• [Work to complete] What you return must be an exact copy of the lines in the listing below between the line holding "doc.units = ezdxf.units.MM" and the line holding "blk.add_point(p, dxfattribs=at)", inclusive, and nothing more.

• [Data section]
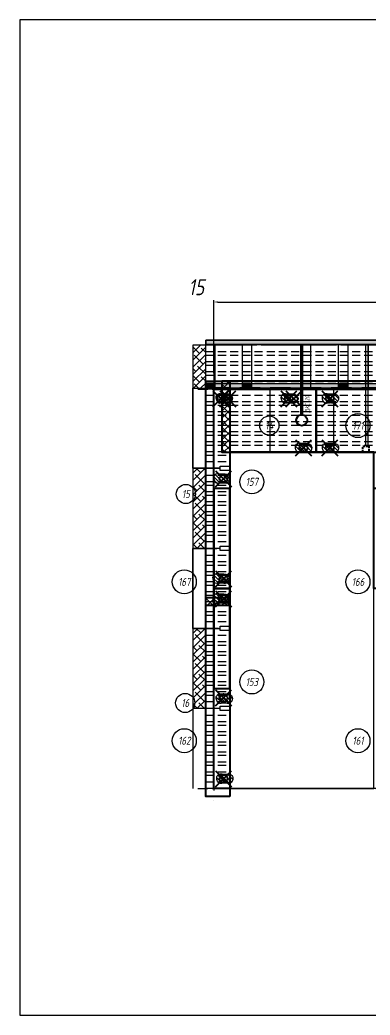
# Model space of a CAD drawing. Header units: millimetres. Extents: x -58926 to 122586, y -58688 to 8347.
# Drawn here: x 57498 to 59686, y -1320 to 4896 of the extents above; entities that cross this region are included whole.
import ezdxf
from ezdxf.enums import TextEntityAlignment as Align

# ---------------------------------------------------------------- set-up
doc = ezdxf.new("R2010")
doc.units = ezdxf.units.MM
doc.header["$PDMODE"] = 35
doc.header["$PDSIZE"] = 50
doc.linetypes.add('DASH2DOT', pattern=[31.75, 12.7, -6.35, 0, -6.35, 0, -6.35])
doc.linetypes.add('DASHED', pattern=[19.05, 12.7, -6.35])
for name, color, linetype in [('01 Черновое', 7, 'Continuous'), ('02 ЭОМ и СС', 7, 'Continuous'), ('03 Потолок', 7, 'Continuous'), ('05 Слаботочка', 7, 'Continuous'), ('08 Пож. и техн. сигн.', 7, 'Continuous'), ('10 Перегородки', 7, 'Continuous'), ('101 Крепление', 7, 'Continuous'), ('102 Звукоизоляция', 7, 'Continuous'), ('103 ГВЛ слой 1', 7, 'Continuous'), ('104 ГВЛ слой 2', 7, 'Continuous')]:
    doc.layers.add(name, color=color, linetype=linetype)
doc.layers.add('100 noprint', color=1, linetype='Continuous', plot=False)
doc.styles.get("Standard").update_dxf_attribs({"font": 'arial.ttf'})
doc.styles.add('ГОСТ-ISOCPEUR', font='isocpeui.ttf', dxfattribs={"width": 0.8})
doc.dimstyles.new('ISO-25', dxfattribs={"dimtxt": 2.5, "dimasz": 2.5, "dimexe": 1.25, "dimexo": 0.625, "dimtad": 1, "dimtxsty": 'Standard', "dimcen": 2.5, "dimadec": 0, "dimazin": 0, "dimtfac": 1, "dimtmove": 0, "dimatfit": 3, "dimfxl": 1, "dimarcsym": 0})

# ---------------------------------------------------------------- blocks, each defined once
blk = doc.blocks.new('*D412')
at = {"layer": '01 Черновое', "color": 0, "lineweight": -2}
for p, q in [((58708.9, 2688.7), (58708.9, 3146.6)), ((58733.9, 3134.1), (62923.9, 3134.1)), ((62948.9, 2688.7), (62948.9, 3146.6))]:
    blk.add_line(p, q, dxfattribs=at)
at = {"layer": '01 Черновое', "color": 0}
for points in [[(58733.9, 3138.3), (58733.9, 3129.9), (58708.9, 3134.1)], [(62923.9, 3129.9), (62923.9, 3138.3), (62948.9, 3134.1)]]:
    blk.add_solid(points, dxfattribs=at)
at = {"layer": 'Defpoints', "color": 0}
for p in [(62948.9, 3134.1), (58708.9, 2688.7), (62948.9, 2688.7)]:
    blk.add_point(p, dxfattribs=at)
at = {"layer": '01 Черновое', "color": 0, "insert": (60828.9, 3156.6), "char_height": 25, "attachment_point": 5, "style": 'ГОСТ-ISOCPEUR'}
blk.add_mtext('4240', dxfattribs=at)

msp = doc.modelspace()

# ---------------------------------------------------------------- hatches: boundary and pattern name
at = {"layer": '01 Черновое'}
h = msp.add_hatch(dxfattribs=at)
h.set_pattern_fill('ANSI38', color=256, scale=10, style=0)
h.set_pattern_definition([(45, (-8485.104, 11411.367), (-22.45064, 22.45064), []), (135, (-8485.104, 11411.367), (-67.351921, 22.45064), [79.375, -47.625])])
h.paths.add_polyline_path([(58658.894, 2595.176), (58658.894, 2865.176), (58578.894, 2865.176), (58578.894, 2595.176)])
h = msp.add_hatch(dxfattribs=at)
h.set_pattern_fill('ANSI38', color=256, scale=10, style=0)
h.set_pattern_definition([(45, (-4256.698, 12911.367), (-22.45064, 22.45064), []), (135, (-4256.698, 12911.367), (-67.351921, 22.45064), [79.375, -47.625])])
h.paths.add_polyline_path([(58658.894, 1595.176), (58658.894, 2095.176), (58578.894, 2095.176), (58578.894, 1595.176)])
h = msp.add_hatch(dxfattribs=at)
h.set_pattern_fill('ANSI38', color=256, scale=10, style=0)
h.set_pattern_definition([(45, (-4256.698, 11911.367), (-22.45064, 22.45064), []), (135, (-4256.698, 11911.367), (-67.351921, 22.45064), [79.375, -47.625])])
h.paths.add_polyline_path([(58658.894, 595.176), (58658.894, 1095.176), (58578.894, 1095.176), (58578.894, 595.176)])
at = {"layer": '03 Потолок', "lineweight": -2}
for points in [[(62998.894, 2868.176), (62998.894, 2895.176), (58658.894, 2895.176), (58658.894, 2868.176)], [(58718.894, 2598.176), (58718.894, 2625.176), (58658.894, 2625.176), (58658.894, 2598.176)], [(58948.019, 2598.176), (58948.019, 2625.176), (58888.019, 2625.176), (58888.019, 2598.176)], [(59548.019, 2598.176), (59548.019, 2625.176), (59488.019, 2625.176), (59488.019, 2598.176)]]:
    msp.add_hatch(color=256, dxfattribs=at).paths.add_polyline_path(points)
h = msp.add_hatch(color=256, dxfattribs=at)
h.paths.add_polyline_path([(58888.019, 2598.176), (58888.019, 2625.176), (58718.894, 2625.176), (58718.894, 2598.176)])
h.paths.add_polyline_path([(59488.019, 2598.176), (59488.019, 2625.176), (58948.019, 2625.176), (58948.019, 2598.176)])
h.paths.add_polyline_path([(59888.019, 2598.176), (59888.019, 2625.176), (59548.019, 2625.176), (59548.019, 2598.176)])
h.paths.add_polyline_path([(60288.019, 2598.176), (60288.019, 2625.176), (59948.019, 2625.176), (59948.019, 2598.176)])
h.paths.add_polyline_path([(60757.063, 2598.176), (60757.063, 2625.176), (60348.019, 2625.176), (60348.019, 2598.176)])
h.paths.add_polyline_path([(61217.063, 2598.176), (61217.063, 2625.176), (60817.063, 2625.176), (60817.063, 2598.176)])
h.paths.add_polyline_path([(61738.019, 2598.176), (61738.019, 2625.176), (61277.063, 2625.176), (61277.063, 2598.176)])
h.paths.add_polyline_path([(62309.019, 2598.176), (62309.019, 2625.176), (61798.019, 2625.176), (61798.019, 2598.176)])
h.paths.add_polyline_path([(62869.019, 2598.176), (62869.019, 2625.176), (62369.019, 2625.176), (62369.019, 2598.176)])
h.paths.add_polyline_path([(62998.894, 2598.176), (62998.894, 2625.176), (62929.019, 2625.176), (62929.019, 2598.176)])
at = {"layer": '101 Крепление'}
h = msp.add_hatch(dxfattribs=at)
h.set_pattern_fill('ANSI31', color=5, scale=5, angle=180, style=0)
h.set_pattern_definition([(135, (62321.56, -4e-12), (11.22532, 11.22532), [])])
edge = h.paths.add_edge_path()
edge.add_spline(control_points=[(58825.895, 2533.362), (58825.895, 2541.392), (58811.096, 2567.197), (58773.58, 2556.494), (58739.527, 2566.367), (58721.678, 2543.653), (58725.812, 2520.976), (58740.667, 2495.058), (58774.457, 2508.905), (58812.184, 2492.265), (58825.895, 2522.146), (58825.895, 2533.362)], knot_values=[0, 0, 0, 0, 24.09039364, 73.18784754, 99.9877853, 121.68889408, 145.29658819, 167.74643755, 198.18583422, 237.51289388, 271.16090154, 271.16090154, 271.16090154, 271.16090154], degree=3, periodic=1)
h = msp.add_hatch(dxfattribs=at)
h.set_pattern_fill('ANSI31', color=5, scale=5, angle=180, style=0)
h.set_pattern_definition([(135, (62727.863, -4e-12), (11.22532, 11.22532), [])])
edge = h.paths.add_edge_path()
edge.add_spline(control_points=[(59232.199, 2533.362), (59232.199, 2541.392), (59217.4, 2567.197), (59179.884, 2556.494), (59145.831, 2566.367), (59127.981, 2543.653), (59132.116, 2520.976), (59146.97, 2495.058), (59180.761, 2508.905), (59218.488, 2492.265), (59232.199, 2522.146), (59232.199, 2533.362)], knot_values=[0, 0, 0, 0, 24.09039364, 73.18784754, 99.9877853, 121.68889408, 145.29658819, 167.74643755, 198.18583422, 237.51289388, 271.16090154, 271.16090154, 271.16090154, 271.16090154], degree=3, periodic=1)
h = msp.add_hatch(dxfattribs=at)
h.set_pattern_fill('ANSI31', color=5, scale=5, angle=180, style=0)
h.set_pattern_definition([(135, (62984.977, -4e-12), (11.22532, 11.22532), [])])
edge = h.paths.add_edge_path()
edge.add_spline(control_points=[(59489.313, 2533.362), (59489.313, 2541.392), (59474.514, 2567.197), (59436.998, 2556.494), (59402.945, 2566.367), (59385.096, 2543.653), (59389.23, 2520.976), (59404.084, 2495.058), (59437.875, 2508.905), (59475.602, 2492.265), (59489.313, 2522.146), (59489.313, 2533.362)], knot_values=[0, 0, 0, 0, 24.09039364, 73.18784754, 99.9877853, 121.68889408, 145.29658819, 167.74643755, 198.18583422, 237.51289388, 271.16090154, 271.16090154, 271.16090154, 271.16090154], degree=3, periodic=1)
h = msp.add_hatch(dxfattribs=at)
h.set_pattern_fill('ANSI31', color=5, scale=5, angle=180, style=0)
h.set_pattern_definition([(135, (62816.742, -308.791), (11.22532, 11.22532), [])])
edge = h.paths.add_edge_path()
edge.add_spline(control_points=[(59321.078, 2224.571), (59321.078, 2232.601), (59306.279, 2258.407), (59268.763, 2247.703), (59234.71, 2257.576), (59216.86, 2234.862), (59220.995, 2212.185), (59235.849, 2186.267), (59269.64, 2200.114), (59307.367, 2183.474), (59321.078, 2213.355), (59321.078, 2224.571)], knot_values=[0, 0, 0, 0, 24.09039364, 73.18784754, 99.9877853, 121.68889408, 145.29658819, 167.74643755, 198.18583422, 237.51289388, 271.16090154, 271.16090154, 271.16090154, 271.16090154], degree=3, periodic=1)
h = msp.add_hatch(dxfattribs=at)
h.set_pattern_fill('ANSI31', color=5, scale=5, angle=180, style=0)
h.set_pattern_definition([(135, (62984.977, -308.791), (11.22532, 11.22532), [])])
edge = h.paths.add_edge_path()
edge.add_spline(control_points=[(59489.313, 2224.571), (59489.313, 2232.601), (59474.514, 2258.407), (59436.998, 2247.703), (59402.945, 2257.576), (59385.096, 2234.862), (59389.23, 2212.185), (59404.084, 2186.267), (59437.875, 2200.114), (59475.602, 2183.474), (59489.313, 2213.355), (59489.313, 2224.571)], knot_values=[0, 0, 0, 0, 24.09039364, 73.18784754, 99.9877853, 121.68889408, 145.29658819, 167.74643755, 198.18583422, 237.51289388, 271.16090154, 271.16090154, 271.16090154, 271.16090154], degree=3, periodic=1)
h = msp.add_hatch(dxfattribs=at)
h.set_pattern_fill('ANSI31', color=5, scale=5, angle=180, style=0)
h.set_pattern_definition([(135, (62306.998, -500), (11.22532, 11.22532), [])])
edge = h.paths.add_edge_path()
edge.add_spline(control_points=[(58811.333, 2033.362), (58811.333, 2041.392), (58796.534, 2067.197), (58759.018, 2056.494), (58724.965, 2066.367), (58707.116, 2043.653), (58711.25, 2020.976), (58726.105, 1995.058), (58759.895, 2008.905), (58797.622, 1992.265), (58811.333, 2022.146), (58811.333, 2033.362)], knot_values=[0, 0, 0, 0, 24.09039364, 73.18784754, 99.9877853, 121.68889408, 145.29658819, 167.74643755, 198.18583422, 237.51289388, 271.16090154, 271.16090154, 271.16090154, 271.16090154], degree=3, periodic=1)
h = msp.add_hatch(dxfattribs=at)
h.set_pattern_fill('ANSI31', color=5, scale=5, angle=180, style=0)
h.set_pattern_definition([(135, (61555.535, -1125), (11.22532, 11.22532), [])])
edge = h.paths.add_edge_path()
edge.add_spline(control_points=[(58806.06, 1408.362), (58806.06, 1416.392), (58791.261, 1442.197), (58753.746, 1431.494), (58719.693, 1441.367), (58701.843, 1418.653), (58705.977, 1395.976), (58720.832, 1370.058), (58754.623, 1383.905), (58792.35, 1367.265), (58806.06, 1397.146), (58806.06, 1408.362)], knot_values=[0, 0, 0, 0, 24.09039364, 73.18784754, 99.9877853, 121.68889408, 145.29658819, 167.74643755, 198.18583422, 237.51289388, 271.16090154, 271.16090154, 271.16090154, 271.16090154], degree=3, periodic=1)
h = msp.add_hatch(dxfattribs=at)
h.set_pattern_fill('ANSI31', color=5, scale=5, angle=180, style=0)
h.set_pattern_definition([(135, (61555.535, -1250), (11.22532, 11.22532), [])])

• [Response to the exercise]
doc.units = ezdxf.units.MM
doc.header["$PDMODE"] = 35
doc.header["$PDSIZE"] = 50
doc.linetypes.add('DASH2DOT', pattern=[31.75, 12.7, -6.35, 0, -6.35, 0, -6.35])
doc.linetypes.add('DASHED', pattern=[19.05, 12.7, -6.35])
for name, color, linetype in [('01 Черновое', 7, 'Continuous'), ('02 ЭОМ и СС', 7, 'Continuous'), ('03 Потолок', 7, 'Continuous'), ('05 Слаботочка', 7, 'Continuous'), ('08 Пож. и техн. сигн.', 7, 'Continuous'), ('10 Перегородки', 7, 'Continuous'), ('101 Крепление', 7, 'Continuous'), ('102 Звукоизоляция', 7, 'Continuous'), ('103 ГВЛ слой 1', 7, 'Continuous'), ('104 ГВЛ слой 2', 7, 'Continuous')]:
    doc.layers.add(name, color=color, linetype=linetype)
doc.layers.add('100 noprint', color=1, linetype='Continuous', plot=False)
doc.styles.get("Standard").update_dxf_attribs({"font": 'arial.ttf'})
doc.styles.add('ГОСТ-ISOCPEUR', font='isocpeui.ttf', dxfattribs={"width": 0.8})
doc.dimstyles.new('ISO-25', dxfattribs={"dimtxt": 2.5, "dimasz": 2.5, "dimexe": 1.25, "dimexo": 0.625, "dimtad": 1, "dimtxsty": 'Standard', "dimcen": 2.5, "dimadec": 0, "dimazin": 0, "dimtfac": 1, "dimtmove": 0, "dimatfit": 3, "dimfxl": 1, "dimarcsym": 0})

# ---------------------------------------------------------------- blocks, each defined once
blk = doc.blocks.new('*D412')
at = {"layer": '01 Черновое', "color": 0, "lineweight": -2}
for p, q in [((58708.9, 2688.7), (58708.9, 3146.6)), ((58733.9, 3134.1), (62923.9, 3134.1)), ((62948.9, 2688.7), (62948.9, 3146.6))]:
    blk.add_line(p, q, dxfattribs=at)
at = {"layer": '01 Черновое', "color": 0}
for points in [[(58733.9, 3138.3), (58733.9, 3129.9), (58708.9, 3134.1)], [(62923.9, 3129.9), (62923.9, 3138.3), (62948.9, 3134.1)]]:
    blk.add_solid(points, dxfattribs=at)
at = {"layer": 'Defpoints', "color": 0}
for p in [(62948.9, 3134.1), (58708.9, 2688.7), (62948.9, 2688.7)]:
    blk.add_point(p, dxfattribs=at)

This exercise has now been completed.